Find all integral curves to the vector field $v(x,y) = x^2\, \partial_x + y\, \partial_y$. See which ones are defined for all $t \in \mathbb{R}$
So, I have to find all curves $\gamma(t)$ that satisfy $v(\gamma(t))=\gamma'(t)$. Right? Let's assume that $\gamma(t)=(\gamma_1(t),\gamma_2(t))$. By plugging it in $v$, we get the equations
$$\frac{d\gamma_1}{dt}=\gamma_1^2 \implies \gamma_1=0 \,\,\,\text{ or }\,\,\,\, \frac{d\gamma_1}{\gamma_1^2}=dt\implies\gamma_1(t)=\frac{1}{C_1-t} \,\text{ or }\, \gamma_1(t)=0$$ $$\frac{d\gamma_2}{dt}=\gamma_2 \implies \gamma_2 = C_2e^t$$
So, it seems that all integral curves for $v$, in the absence of any information about the starting point, must be of the form $\gamma(t)=(\frac{1}{C-t},Ke^t)$ or $\gamma(t)=(0,Ke^t)$.
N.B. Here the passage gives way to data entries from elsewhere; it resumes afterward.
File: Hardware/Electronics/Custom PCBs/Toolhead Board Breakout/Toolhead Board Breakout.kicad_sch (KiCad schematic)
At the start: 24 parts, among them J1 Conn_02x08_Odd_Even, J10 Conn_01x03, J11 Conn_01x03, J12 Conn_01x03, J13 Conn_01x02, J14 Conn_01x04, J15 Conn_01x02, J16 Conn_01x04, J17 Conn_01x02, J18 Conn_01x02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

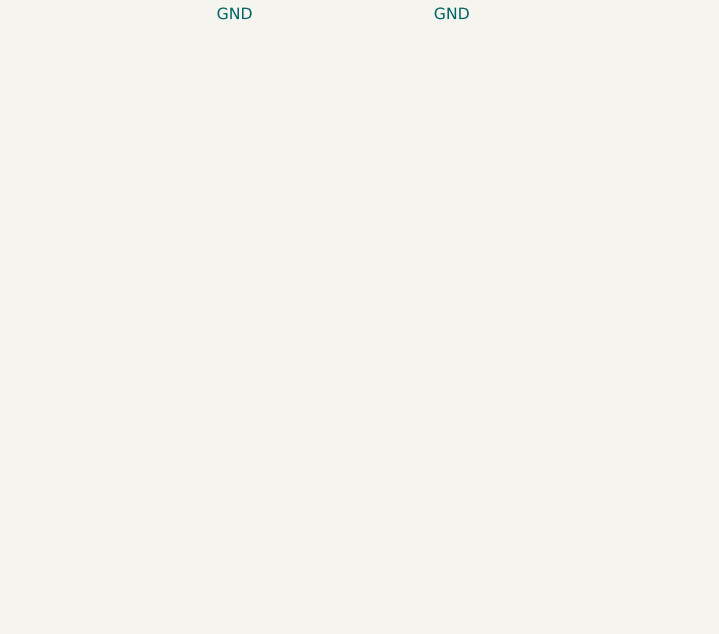
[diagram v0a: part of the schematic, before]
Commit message: updated breakout board design with added LDO's
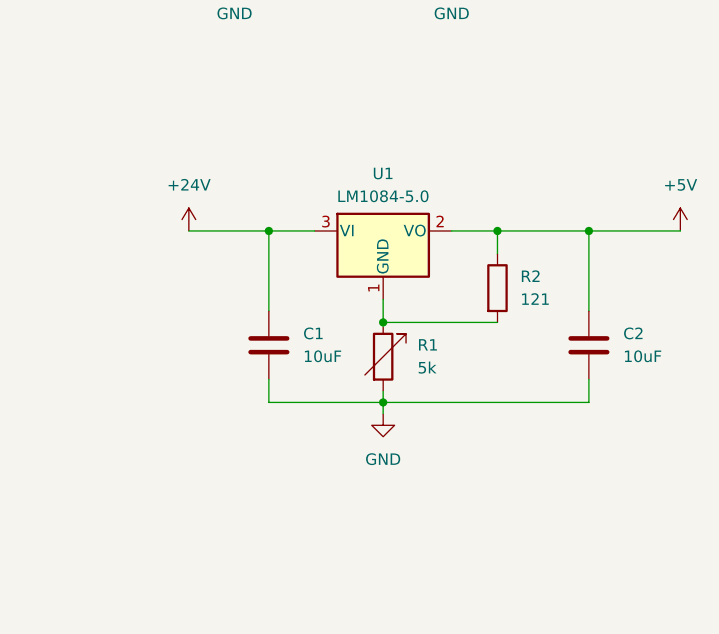
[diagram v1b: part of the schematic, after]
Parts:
- added C1, C2: 10uF, Capacitor_SMD:C_0805_2012Metric_Pad1.18x1.45mm_HandSolder, symbol Device:C
- added R1: 5k, symbol Device:R_Variable
- added R2: 121, symbol Device:R
- added U1: LM1084-5.0, symbol Regulator_Linear:LM1084-5.0
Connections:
- net +24V: now also C1.1, U1.3 (VI)
- net +5V: now also C2.1, R2.1, U1.2 (VO)
- net GND: now also C1.2, C2.2, R1.2
- new net: R1.1, R2.2, U1.1 (GND)

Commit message: updated breakout board
LDO footprint
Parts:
- U1: footprint (none) -> Package_TO_SOT_SMD:TO-263-3_TabPin2
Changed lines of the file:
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@@
 			)
 		)
-		(property "Footprint" ""
+		(property "Footprint" "Package_TO_SOT_SMD:TO-263-3_TabPin2"
 			(at 228.6 67.31 0)
 			(effects

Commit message: Finished Breakout Board
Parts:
- R1: footprint (none) -> Potentiometer_SMD:Potentiometer_Bourns_TC33X_Vertical
- R2: footprint (none) -> Resistor_SMD:R_0805_2012Metric_Pad1.20x1.40mm_HandSolder
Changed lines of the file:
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@@
 			)
 		)
-		(property "Footprint" ""
+		(property "Footprint" "Potentiometer_SMD:Potentiometer_Bourns_TC33X_Vertical"
 			(at 226.822 87.63 90)
 			(effects
@@
 			)
 		)
-		(property "Footprint" ""
+		(property "Footprint" "Resistor_SMD:R_0805_2012Metric_Pad1.20x1.40mm_HandSolder"
 			(at 239.522 80.01 90)
 			(effects

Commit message: Finish wrist motor mount and update breakout layout
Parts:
- removed J16, J19, J20: Conn_01x04, Connector_JST:JST_PH_B4B-PH-K_1x04_P2.00mm_Vertical, symbol Connector_Generic:Conn_01x04
- added C3, C4: 10uF, Capacitor_SMD:C_0805_2012Metric_Pad1.18x1.45mm_HandSolder, symbol Device:C
- added R3: 5k, Potentiometer_SMD:Potentiometer_Bourns_TC33X_Vertical, symbol Device:R_Variable
- added R4: 121, Resistor_SMD:R_0805_2012Metric_Pad1.20x1.40mm_HandSolder, symbol Device:R
- added U2: LM1084-5.0, Package_TO_SOT_SMD:TO-263-3_TabPin2, symbol Regulator_Linear:LM1084-5.0
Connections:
- net +24V: now also C3.1, U2.3 (VI)
- net +5V: no longer C2.1, J11.2 (Pin_2), J12.2 (Pin_2), J7.2 (Pin_2), J8.2 (Pin_2), R2.1, U1.2 (VO)
- net GND: now also C3.2, C4.2, R3.2
- new net: R3.1, R4.2, U2.1 (GND)
- new net 5VA: C2.1, J7.2 (Pin_2), J8.2 (Pin_2), R2.1, U1.2 (VO)
- new net 5VB: C4.1, J11.2 (Pin_2), J12.2 (Pin_2), R4.1, U2.2 (VO)

But what about $\gamma_{\star}=(\frac{1}{t},e^t)$? This also seems to be an integral curve but I can't see how it can be found by solving the differential equations.
Where is my mistake?
Edit: I just figured the answer and realized that I had made a stupid calculational mistake. $\gamma_{\star}=(\frac{1}{t},e^t)$ doesn't satisfy $\gamma_1^2 \partial_x + \gamma_2 \partial_y = \gamma_1' \partial_x + \gamma_2' \partial_y$.
Your $\gamma_1$ isn't correct. $$ \frac{\mathrm{d}\gamma_1}{\gamma_1^2}=\mathrm{d}t\implies\gamma_1(t)=\frac{1}{C-t}. $$